I give my does large cages and when it is time to wean I take the doe out and leave the kits in.   Once the kits are gone I put the doe back in her large cage.  I like my rabbits to be able to stretch out.  I also give them a box to sit on/hide in.  They like their "holes" to hide in during bad weather or when hawks are around.


----------



## dewey (Jul 19, 2011)

Congrats on your house -- how exciting!  My lifelong best friend was raised in Anchorage.  Yep, fire & ice (I'm in AZ, lol).

You can also time your breedings so that the young stay in the same cage with the doe until processing them at 8 weeks, and so the doe has a new litter 2 weeks later.  Not only does this generally lessen stress on all, it saves feed, increases kit body weight faster, lessens kit mortality rates, and also saves on having to have all those extra grow out cages, although extra cages are always needed for one reason or another.  (Typically, twice as many cages per does is a rule of thumb if you're setting up for grow out cages.)  You can also check out ARBA for suggested cage sizes.  Buck cages can be smaller than doe/litter cages.  Select your cage design and size carefully since it's easier to learn from other's mistakes than our own, lol.

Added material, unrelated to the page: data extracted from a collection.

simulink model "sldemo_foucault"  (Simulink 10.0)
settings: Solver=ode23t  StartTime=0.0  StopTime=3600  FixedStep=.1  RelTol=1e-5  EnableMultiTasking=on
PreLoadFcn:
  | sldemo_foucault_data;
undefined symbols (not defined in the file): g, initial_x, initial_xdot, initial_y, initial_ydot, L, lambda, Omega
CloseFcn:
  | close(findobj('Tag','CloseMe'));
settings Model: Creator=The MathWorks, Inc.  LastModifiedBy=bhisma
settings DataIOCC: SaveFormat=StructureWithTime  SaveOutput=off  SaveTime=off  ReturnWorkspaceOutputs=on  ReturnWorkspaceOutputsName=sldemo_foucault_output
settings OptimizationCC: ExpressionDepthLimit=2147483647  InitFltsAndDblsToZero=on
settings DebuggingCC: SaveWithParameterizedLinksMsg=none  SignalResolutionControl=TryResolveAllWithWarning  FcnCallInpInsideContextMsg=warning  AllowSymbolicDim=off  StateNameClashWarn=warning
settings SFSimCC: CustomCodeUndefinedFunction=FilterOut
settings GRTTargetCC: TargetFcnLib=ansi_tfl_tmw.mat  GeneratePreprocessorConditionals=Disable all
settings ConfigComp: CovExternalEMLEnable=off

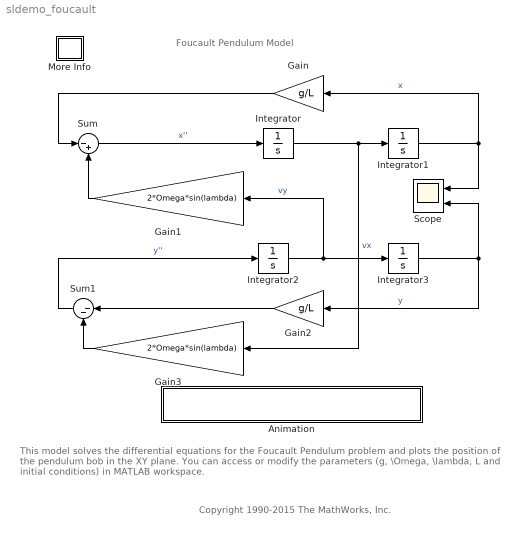
== system sldemo_foucault ==
  note: This model solves the differential equations for the Foucault Pendulum problem
      | and plots the position of the pendulum bob in the XY plane. You can access or modify
      | the parameters (g, \Omega, \lambda, L and initial conditions) in MATLAB workspace.
  note: Foucault Pendulum Model
  note: Copyright 1990-2015 The MathWorks, Inc.
  Animation : Subsystem
      settings: OpenFcn=|
      | if exist('sldemo_foucault_output','var')
      |    sldemo_foucault_animate;
      | else
      |    display('sldemo_foucault_output not found');
      |    display('Please run the simulation and then animate the results');
      | end
      mask Display: disp('Double Click Here to Animate Results')
  Gain : Gain  Gain=g/L
  Gain1 : Gain  Gain=2*Omega*sin(lambda)
  Gain2 : Gain  Gain=g/L
  Gain3 : Gain  Gain=2*Omega*sin(lambda)
  Integrator : Integrator  InitialCondition=initial_xdot
  Integrator1 : Integrator  InitialCondition=initial_x
  Integrator2 : Integrator  InitialCondition=initial_ydot
  Integrator3 : Integrator  InitialCondition=initial_y
  More Info : Subsystem
      settings: OpenFcn=showExample('simulink_general/sldemo_foucaultExample')
      mask Display: disp('?')
  Scope : Scope  NumInputPorts=2
  Sum : Sum  Inputs=|-+
  Sum1 : Sum  Inputs=|--
  wires:
  Integrator/1 -> Integrator1/1, Gain3/1  "vx"
  Integrator1/1 -> Scope/1, Gain/1  "x"
  Sum/1 -> Integrator/1  "x''"
  Gain/1 -> Sum/1
  Gain1/1 -> Sum/2
  Integrator2/1 -> Integrator3/1, Gain1/1  "vy"
  Gain2/1 -> Sum1/1
  Gain3/1 -> Sum1/2
  Sum1/1 -> Integrator2/1  "y''"
  Integrator3/1 -> Gain2/1, Scope/2  "y"

== system sldemo_foucault/Animation ==

== system sldemo_foucault/More Info ==
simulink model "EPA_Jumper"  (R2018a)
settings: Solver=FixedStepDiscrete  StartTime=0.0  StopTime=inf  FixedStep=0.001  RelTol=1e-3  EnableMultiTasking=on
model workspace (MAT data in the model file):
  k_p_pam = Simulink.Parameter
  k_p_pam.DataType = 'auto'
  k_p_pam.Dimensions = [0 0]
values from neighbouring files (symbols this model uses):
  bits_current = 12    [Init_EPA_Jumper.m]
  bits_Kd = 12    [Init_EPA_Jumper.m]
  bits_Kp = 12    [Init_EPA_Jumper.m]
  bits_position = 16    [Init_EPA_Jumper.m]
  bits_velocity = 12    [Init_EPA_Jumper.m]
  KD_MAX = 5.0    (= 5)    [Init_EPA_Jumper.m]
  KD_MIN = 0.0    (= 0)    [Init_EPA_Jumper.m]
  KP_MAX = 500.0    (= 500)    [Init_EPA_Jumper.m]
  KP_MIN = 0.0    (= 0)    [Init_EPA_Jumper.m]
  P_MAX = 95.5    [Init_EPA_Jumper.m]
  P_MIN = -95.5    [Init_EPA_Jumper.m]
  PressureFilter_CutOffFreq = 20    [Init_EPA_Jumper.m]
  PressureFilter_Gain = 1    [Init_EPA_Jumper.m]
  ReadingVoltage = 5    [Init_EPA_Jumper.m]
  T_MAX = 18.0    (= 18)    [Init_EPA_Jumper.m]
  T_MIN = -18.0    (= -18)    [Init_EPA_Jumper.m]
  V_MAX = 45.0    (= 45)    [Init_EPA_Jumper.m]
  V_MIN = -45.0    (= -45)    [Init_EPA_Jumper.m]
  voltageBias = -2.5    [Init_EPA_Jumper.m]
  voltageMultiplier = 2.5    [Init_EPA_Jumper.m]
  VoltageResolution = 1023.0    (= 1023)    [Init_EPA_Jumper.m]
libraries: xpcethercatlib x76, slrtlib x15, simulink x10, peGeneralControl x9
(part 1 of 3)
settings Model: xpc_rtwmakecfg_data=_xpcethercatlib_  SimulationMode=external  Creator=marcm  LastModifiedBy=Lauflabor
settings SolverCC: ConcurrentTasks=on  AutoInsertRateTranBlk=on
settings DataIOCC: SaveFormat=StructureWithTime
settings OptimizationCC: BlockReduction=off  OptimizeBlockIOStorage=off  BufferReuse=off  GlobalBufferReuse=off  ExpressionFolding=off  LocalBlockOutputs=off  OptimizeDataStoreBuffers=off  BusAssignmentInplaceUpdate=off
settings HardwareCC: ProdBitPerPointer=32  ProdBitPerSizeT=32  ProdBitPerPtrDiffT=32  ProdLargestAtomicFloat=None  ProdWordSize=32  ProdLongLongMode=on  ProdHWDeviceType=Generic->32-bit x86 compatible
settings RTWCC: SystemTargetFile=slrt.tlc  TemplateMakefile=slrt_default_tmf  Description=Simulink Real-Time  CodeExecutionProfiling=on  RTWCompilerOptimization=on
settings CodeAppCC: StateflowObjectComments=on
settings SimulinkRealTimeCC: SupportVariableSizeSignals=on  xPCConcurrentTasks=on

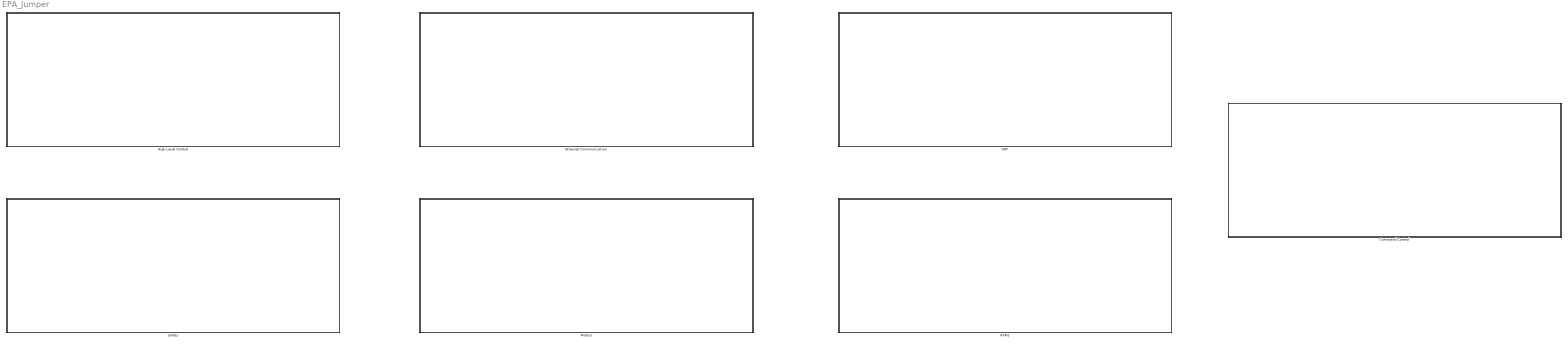
== system EPA_Jumper ==
  Command Control : Subsystem
  Ethernet Communication : Subsystem
  GRF : Subsystem
  High Level Control : Subsystem
  Motors : Subsystem
  PAMs : Subsystem
  "Safety " : Subsystem

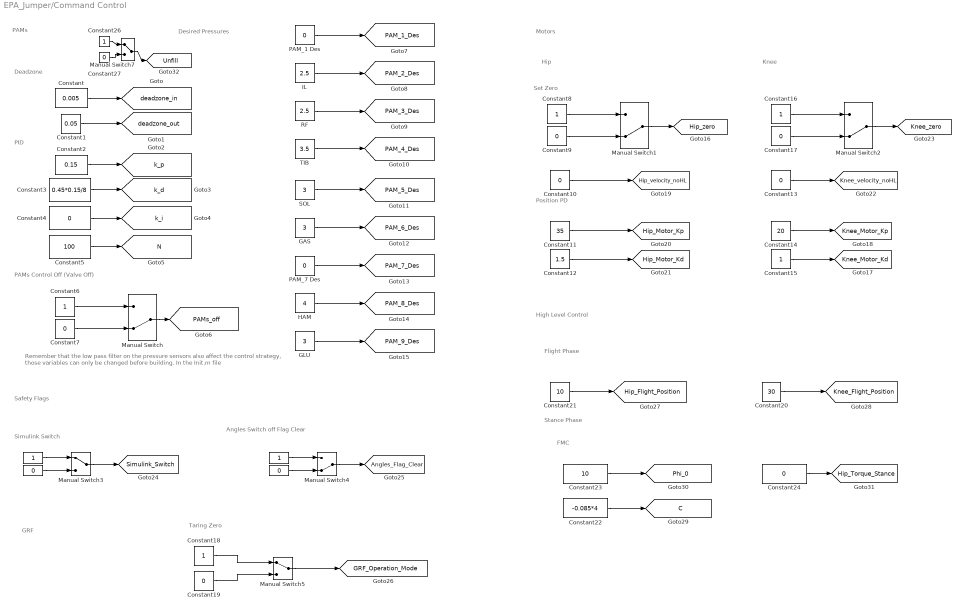
== system EPA_Jumper/Command Control ==
  note: PID
  note: PAMs
  note: Deadzone
  note: PAMs Control Off (Valve Off)
  note: Desired Pressures
  note: Motors
  note: Remember that the low pass filter on the pressure sensors also affect the control strategy, those variables can only be changed before building. In the Init.m file
  note: Hip
  note: Knee
  note: Safety Flags
  note: Simulink Switch
  note: Angles Switch off Flag Clear
  note: Taring Zero
  note: GRF
  note: High Level Control
  note: Flight Phase
  note: Stance Phase
  note: FMC
  note: Position PD
  note: Set Zero
  " " : Constant
  "   " : Constant  Value=0
  "    " : Constant  Value=0
  "               " : Constant
  Constant : Constant  Value=0.005
  Constant1 : Constant  Value=0.05
  Constant{4,7,9..10,13,17,19,24,27} (9 alike) : Constant  Value=0
  Constant11 : Constant  Value=35
  Constant12 : Constant  Value=1.5
  Constant14 : Constant  Value=20
  Constant{6,8,15..16,18,26} (6 alike) : Constant
  Constant2 : Constant  Value=0.15
  Constant20 : Constant  Value=30
  Constant21 : Constant  Value=10
  Constant22 : Constant  Value=-0.085*4
  Constant23 : Constant  Value=10
  Constant3 : Constant  Value=0.45*0.15/8
  Constant5 : Constant  Value=100
  GAS : Constant  Value=3
  GLU : Constant  Value=3
  HAM : Constant  Value=4
  IL : Constant  Value=2.5
  Manual Switch{,1..2,4} (4 alike) : ManualSwitch  CurrentSetting=0
  Manual Switch3 : ManualSwitch
  Manual Switch5 : ManualSwitch
  Manual Switch7 : ManualSwitch
  PAM_1 Des : Constant  Value=0
  PAM_7 Des : Constant  Value=0
  RF : Constant  Value=2.5
  SOL : Constant  Value=3
  TIB : Constant  Value=3.5
  tag scope: Angles_Flag_Clear=global, C=global, GRF_Operation_Mode=global, Hip_Flight_Position=global, Hip_Motor_Kd=global, Hip_Motor_Kp=global, Hip_Torque_Stance=global, Hip_velocity_noHL=global, Hip_zero=global, Knee_Flight_Position=global, Knee_Motor_Kd=global, Knee_Motor_Kp=global, Knee_velocity_noHL=global, Knee_zero=global, N=global, PAM_1_Des=global, PAM_2_Des=global, PAM_3_Des=global, PAM_4_Des=global, PAM_5_Des=global, PAM_6_Des=global, PAM_7_Des=global, PAM_8_Des=global, PAM_9_Des=global, PAMs_off=global, Phi_0=global, Simulink_Switch=global, Unfill=global, deadzone_in=global, deadzone_out=global, k_d=global, k_i=global, k_p=global
  wires:
  Constant5/1 -> [N]
  Constant4/1 -> [k_i]
  Constant6/1 -> Manual Switch/1
  Manual Switch/1 -> [PAMs_off]
  Constant1/1 -> [deadzone_out]
  Constant7/1 -> Manual Switch/2
  Constant2/1 -> [k_p]
  Constant/1 -> [deadzone_in]
  Constant3/1 -> [k_d]
  PAM_1 Des/1 -> [PAM_1_Des]
  IL/1 -> [PAM_2_Des]
  RF/1 -> [PAM_3_Des]
  TIB/1 -> [PAM_4_Des]
  SOL/1 -> [PAM_5_Des]
  GAS/1 -> [PAM_6_Des]
  PAM_7 Des/1 -> [PAM_7_Des]
  HAM/1 -> [PAM_8_Des]
  GLU/1 -> [PAM_9_Des]
  Constant8/1 -> Manual Switch1/1
  Constant9/1 -> Manual Switch1/2
  Manual Switch1/1 -> [Hip_zero]
  Constant10/1 -> [Hip_velocity_noHL]
  Constant11/1 -> [Hip_Motor_Kp]
  Constant12/1 -> [Hip_Motor_Kd]
  Constant13/1 -> [Knee_velocity_noHL]
  Constant14/1 -> [Knee_Motor_Kp]
  Constant15/1 -> [Knee_Motor_Kd]
  Manual Switch2/1 -> [Knee_zero]
  Constant17/1 -> Manual Switch2/2
  Constant16/1 -> Manual Switch2/1
  " "/1 -> Manual Switch3/1
  "    "/1 -> Manual Switch3/2
  Manual Switch3/1 -> [Simulink_Switch]
  Manual Switch4/1 -> [Angles_Flag_Clear]
  "               "/1 -> Manual Switch4/1
  "   "/1 -> Manual Switch4/2
  Manual Switch5/1 -> [GRF_Operation_Mode]
  Constant18/1 -> Manual Switch5/1
  Constant19/1 -> Manual Switch5/2
  Constant21/1 -> [Hip_Flight_Position]
  Constant20/1 -> [Knee_Flight_Position]
  Constant23/1 -> [Phi_0]
  Constant22/1 -> [C]
  Constant24/1 -> [Hip_Torque_Stance]
  Constant26/1 -> Manual Switch7/1
  Constant27/1 -> Manual Switch7/2
  Manual Switch7/1 -> [Unfill]

== system EPA_Jumper/Ethernet Communication ==
  "EtherCAT Get Notifications " : xpcethercatlib/EtherCAT Get Notifications   device_id=0  sample_time=.001
      settings: SourceProductName=Simulink Real-Time  SourceProductBaseCode=XP
  "EtherCAT Init " : xpcethercatlib/EtherCAT Init   Priority=0  config_file=C:\Users\Lauflabor\Documents\EPA Jumper\RealTime Code\EPA_Jumper_2.xml  device_id=0  pci_bus=1  pci_slot=0  pci_function=0  dctuning=0  enaDebug=on  enaDC=on  errLink=off  masterDbg=on  stateChgDbg=on  baseClock=on  masterCfg=off  logFile='c:\dbglog.txt'  sample_time=0.001000  DCMode=0
      settings: SourceProductName=Simulink Real-Time  SourceProductBaseCode=XP
  Inputs : Subsystem
  Outputs : Subsystem
  Terminator : Terminator
  Terminator1 : Terminator
  wires:
  "EtherCAT Get Notifications "/1 -> Terminator1/1
  "EtherCAT Init "/1 -> Terminator/1

== system EPA_Jumper/GRF ==
  note: GRF Meassures
  GRFx : Subsystem
  GRFy : Subsystem
  GRFz : Subsystem

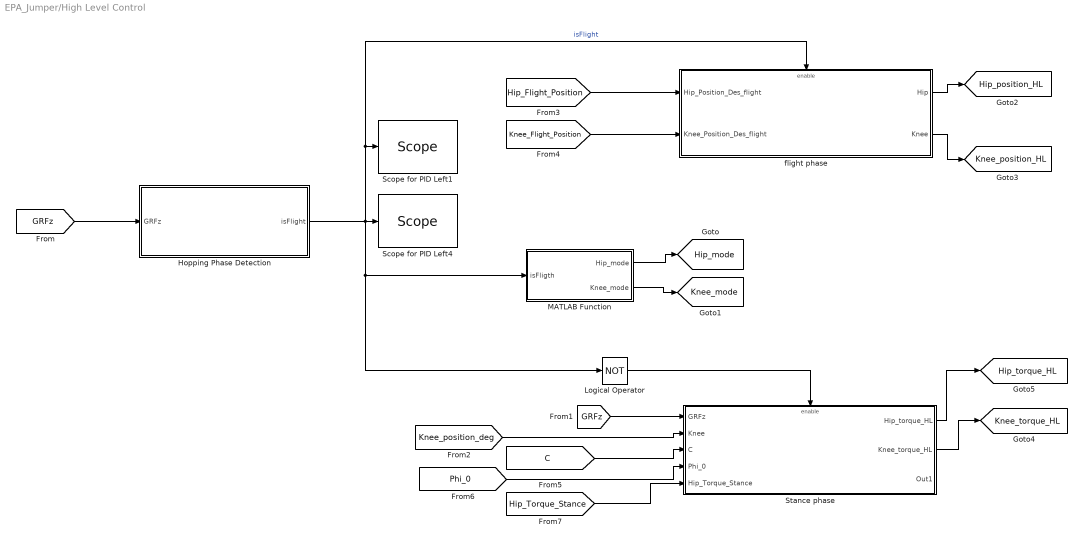
== system EPA_Jumper/High Level Control ==
  Hopping Phase Detection : MATLAB Function  TreatAsAtomicUnit=on
  Logical Operator : Logic  Operator=NOT  AllPortsSameDT=off  OutDataTypeStr=boolean
  MATLAB Function : MATLAB Function  TreatAsAtomicUnit=on
  Scope for PID Left1 : slrtlib/Displays and Logging/Scope   scopeno=7  scopetype=File  autostart=on  viewmode=Graphical sliding  formatstr='%15.6f'  grid=on  ylimits=[-0.5, 1.5]  nosamples=1000000  noprepostsamples=0  interleave=1  triggermode=FreeRun  triggersignal=1  trigsignalfromport=off  triggerlevel=0.0  triggerslope=Either  triggerscope=1  triggersample=0  filename=isFlight.dat  mode=Lazy  writesize=512  autorestart=off  dynamicfilemode=off  maxwritefilesize=512*1024^2
  Scope for PID Left4 : slrtlib/Displays and Logging/Scope   scopeno=6  scopetype=Target  autostart=on  viewmode=Graphical sliding  formatstr='%15.6f'  grid=on  ylimits=[-0.5, 1.5]  nosamples=1000  noprepostsamples=0  interleave=1  triggermode=FreeRun  triggersignal=1  trigsignalfromport=off  triggerlevel=0.0  triggerslope=Either  triggerscope=1  triggersample=0  filename=data.dat  mode=Lazy  writesize=512  autorestart=off  dynamicfilemode=off  maxwritefilesize=512*1024^2
  Stance phase : Subsystem
  flight phase : Subsystem
  tag scope: Hip_mode=global, Hip_position_HL=global, Hip_torque_HL=global, Knee_mode=global, Knee_position_HL=global, Knee_torque_HL=global
  wires:
  Hopping Phase Detection/1(isFlight) -> Scope for PID Left1/1, flight phase/Enable, Scope for PID Left4/1, MATLAB Function/1(isFligth), Logical Operator/1  "isFlight"
  [GRFz] -> Hopping Phase Detection/1(GRFz)
  [Hip_Flight_Position] -> flight phase/1(Hip_Position_Des_flight)
  [Knee_Flight_Position] -> flight phase/2(Knee_Position_Des_flight)
  Logical Operator/1 -> Stance phase/Enable
  MATLAB Function/1(Hip_mode) -> [Hip_mode]
  MATLAB Function/2(Knee_mode) -> [Knee_mode]
  flight phase/1(Hip) -> [Hip_position_HL]
  flight phase/2(Knee) -> [Knee_position_HL]
  [GRFz] -> Stance phase/1("GRFz ")
  [Knee_position_deg] -> Stance phase/2(Knee)
  Stance phase/2(Knee_torque_HL) -> [Knee_torque_HL]
  Stance phase/1(Hip_torque_HL) -> [Hip_torque_HL]
  [C] -> Stance phase/3(C)
  [Phi_0] -> Stance phase/4(Phi_0)
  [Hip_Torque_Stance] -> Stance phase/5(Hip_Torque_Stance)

Quality NZ's would be (and is) my breed of choice if you're planning to butcher a decent size rabbit at 8 weeks old.  Lots of other commercial breeds are good for meat, too, although they may by slower to reach weight (meaning more cost, more cages, more work, more everything, lol).  

If you can enclose the under deck area (like a mini barn) leaving space for good air flow and lighting, it would be safest against predators and could possibly be heated to take the edge off if temps dropped too low.  That being said, I think chickens in an enclosed area with rabbits would not be my choice since it could create health issues for the rabbits eventually....chicken dander and sensitive rabbit systems just do not mix well, etc.  I know a lot of people do ok otherwise when they have just a few rabbits and chickens, but rabbits are the most efficient protein producers for me so mine get #1 priority over other livestock kept for protein production.  Plus, stepping in chicken poo or having to try to dodge it when setting a bun nestbox down is not high on my list, either.  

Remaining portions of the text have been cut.